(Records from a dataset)
+++

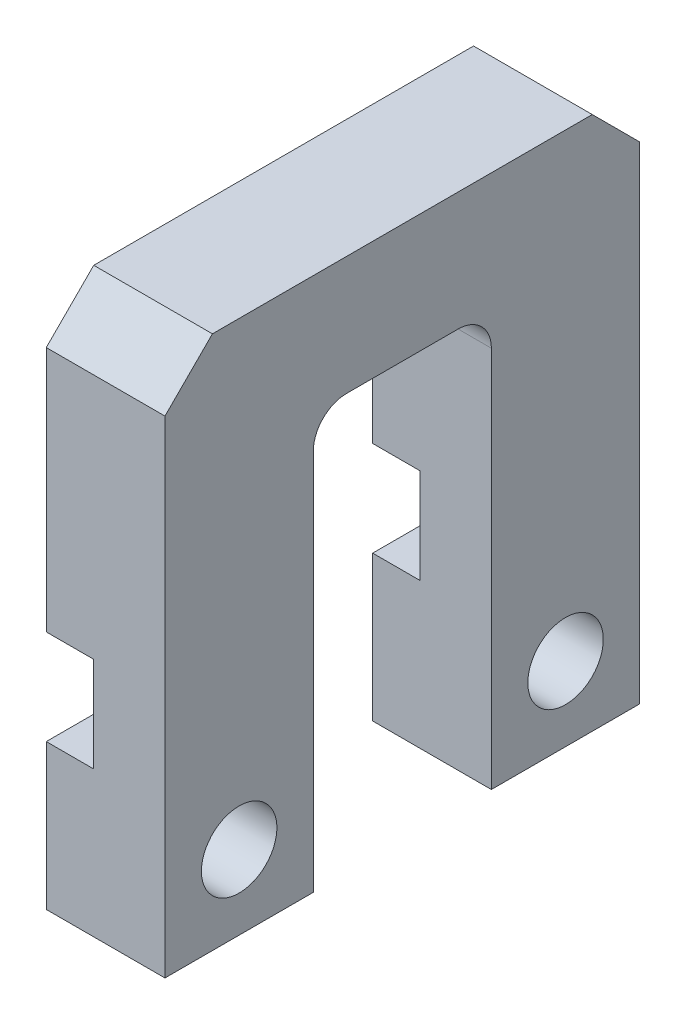
SolidWorks part; units mm, degrees
material "6061-T6 (SS)"
ref_plane "Front" through (0, 0, 0) normal (0, 0, 1) x (1, 0, 0)
ref_plane "Top" through (0, 0, 0) normal (0, 1, 0) x (1, 0, 0)
ref_plane "Right" through (0, 0, 0) normal (1, 0, 0) x (0, 0, -1)
sketch "Sketch1" plane through (0, 0, 0) normal (1, 0, 0) x (0, 0, -1)
  line L0 (7.9375, 0) -> (7.9375, 20.447)
  line L1 (0, 0) -> (7.9375, 0)
  line L2 (0, 0) -> (0, 28.575)
  line L3 (0, 28.575) -> (25.4, 28.575)
  line L4 (25.4, 0) -> (25.4, 28.575)
  line L5 (9.7155, 22.225) -> (15.6845, 22.225)
  line L6 (17.4625, 20.447) -> (17.4625, 0)
  line L7 (17.4625, 0) -> (25.4, 0)
  arc A0 (15.6845, 22.225) -> (17.4625, 20.447) centre (15.6845, 20.447) cw
  arc A1 (7.9375, 20.447) -> (9.7155, 22.225) centre (9.7155, 20.447) cw
  dimension "D5" = 1.778
  dimension "D1" = 28.575
  dimension "D2" = 25.4
  dimension "D3" = 22.225
  dimension "D4" = 9.525
extrude "Boss-Extrude1" add sketch "Sketch1" along normal blind 6.35
sketch "Sketch5" plane through (0, 0, 0) normal (-1, 0, 0) x (0, 0, 1)
  line L0 (-25.4, 0) -> (-21.4312, 3.9688) construction
  line L1 (-21.4312, 3.9688) -> (-17.4625, 0) construction
  line L4 (-7.9375, 0) -> (-3.9688, 3.9688) construction
  line L5 (-3.9688, 3.9688) -> (0, 0) construction
  point P0 (-21.4312, 3.9688)
  point P2 (-3.9688, 3.9688)
hole_wizard "#10-32 Tapped Hole1" positions "Sketch5" profile "Sketch4" tap size "#10-32" standard "ANSI Inch" end condition through all
sketch "Sketch4" plane through (0, 3.9688, -21.4312) normal (0, 1, 0) x (0, 0, 1)
  line L0 (0, 0) -> (0, 6.35)
  line L1 (0, 6.35) -> (2.0193, 6.35)
  line L2 (2.0193, 6.35) -> (2.0193, 0)
  line L5 (2.0193, 0) -> (0, 0)
  line L11 (0, -6.35) -> (0, 107.95) construction
  dimension "Thru Tap Drill Dia." = 4.0386
  dimension "Thru Tap Drill Depth" = 6.35
cosmetic thread "Hole Thread1" parameters "D2"=4.826
cosmetic thread "Hole Thread2" parameters "D2"=4.826
sketch "Sketch2" plane through (0, 0, 0) normal (-1, 0, 0) x (0, 0, 1)
  line L0 (-25.4, 0) -> (-25.4, 28.575) construction
  line L1 (-25.4, 7.7788) -> (0, 7.7788)
  line L2 (-25.4, 7.7788) -> (-25.4, 12.8588)
  line L3 (-25.4, 12.8588) -> (0, 12.8588)
  line L4 (0, 7.7788) -> (0, 12.8588)
  line L5 (0, 28.575) -> (0, 0) construction
  circle A0 centre (-3.9688, 3.9688) radius 2.0193 construction
  point P10 (0, 10.3188)
  dimension "D1" = 5.08
  dimension "D2" = 6.35
extrude "Cut-Extrude1" cut sketch "Sketch2" against normal blind 2.54
chamfer "Chamfer1" distance 2.54 angle 45 2 edges at (3.175, 28.575, -25.4) (3.175, 28.575, 0)

+++

▸ **What is expected**
The lines above from the one containing "point P2 (-3.9688, 3.9688)" through the one containing "line L3 (-25.4, 12.8588) -> (0, 12.8588)" are to be set down exactly, and no others.

▸ **Task result**
  point P2 (-3.9688, 3.9688)
hole_wizard "#10-32 Tapped Hole1" positions "Sketch5" profile "Sketch4" tap size "#10-32" standard "ANSI Inch" end condition through all
sketch "Sketch4" plane through (0, 3.9688, -21.4312) normal (0, 1, 0) x (0, 0, 1)
  line L0 (0, 0) -> (0, 6.35)
  line L1 (0, 6.35) -> (2.0193, 6.35)
  line L2 (2.0193, 6.35) -> (2.0193, 0)
  line L5 (2.0193, 0) -> (0, 0)
  line L11 (0, -6.35) -> (0, 107.95) construction
  dimension "Thru Tap Drill Dia." = 4.0386
  dimension "Thru Tap Drill Depth" = 6.35
cosmetic thread "Hole Thread1" parameters "D2"=4.826
cosmetic thread "Hole Thread2" parameters "D2"=4.826
sketch "Sketch2" plane through (0, 0, 0) normal (-1, 0, 0) x (0, 0, 1)
  line L0 (-25.4, 0) -> (-25.4, 28.575) construction
  line L1 (-25.4, 7.7788) -> (0, 7.7788)
  line L2 (-25.4, 7.7788) -> (-25.4, 12.8588)
  line L3 (-25.4, 12.8588) -> (0, 12.8588)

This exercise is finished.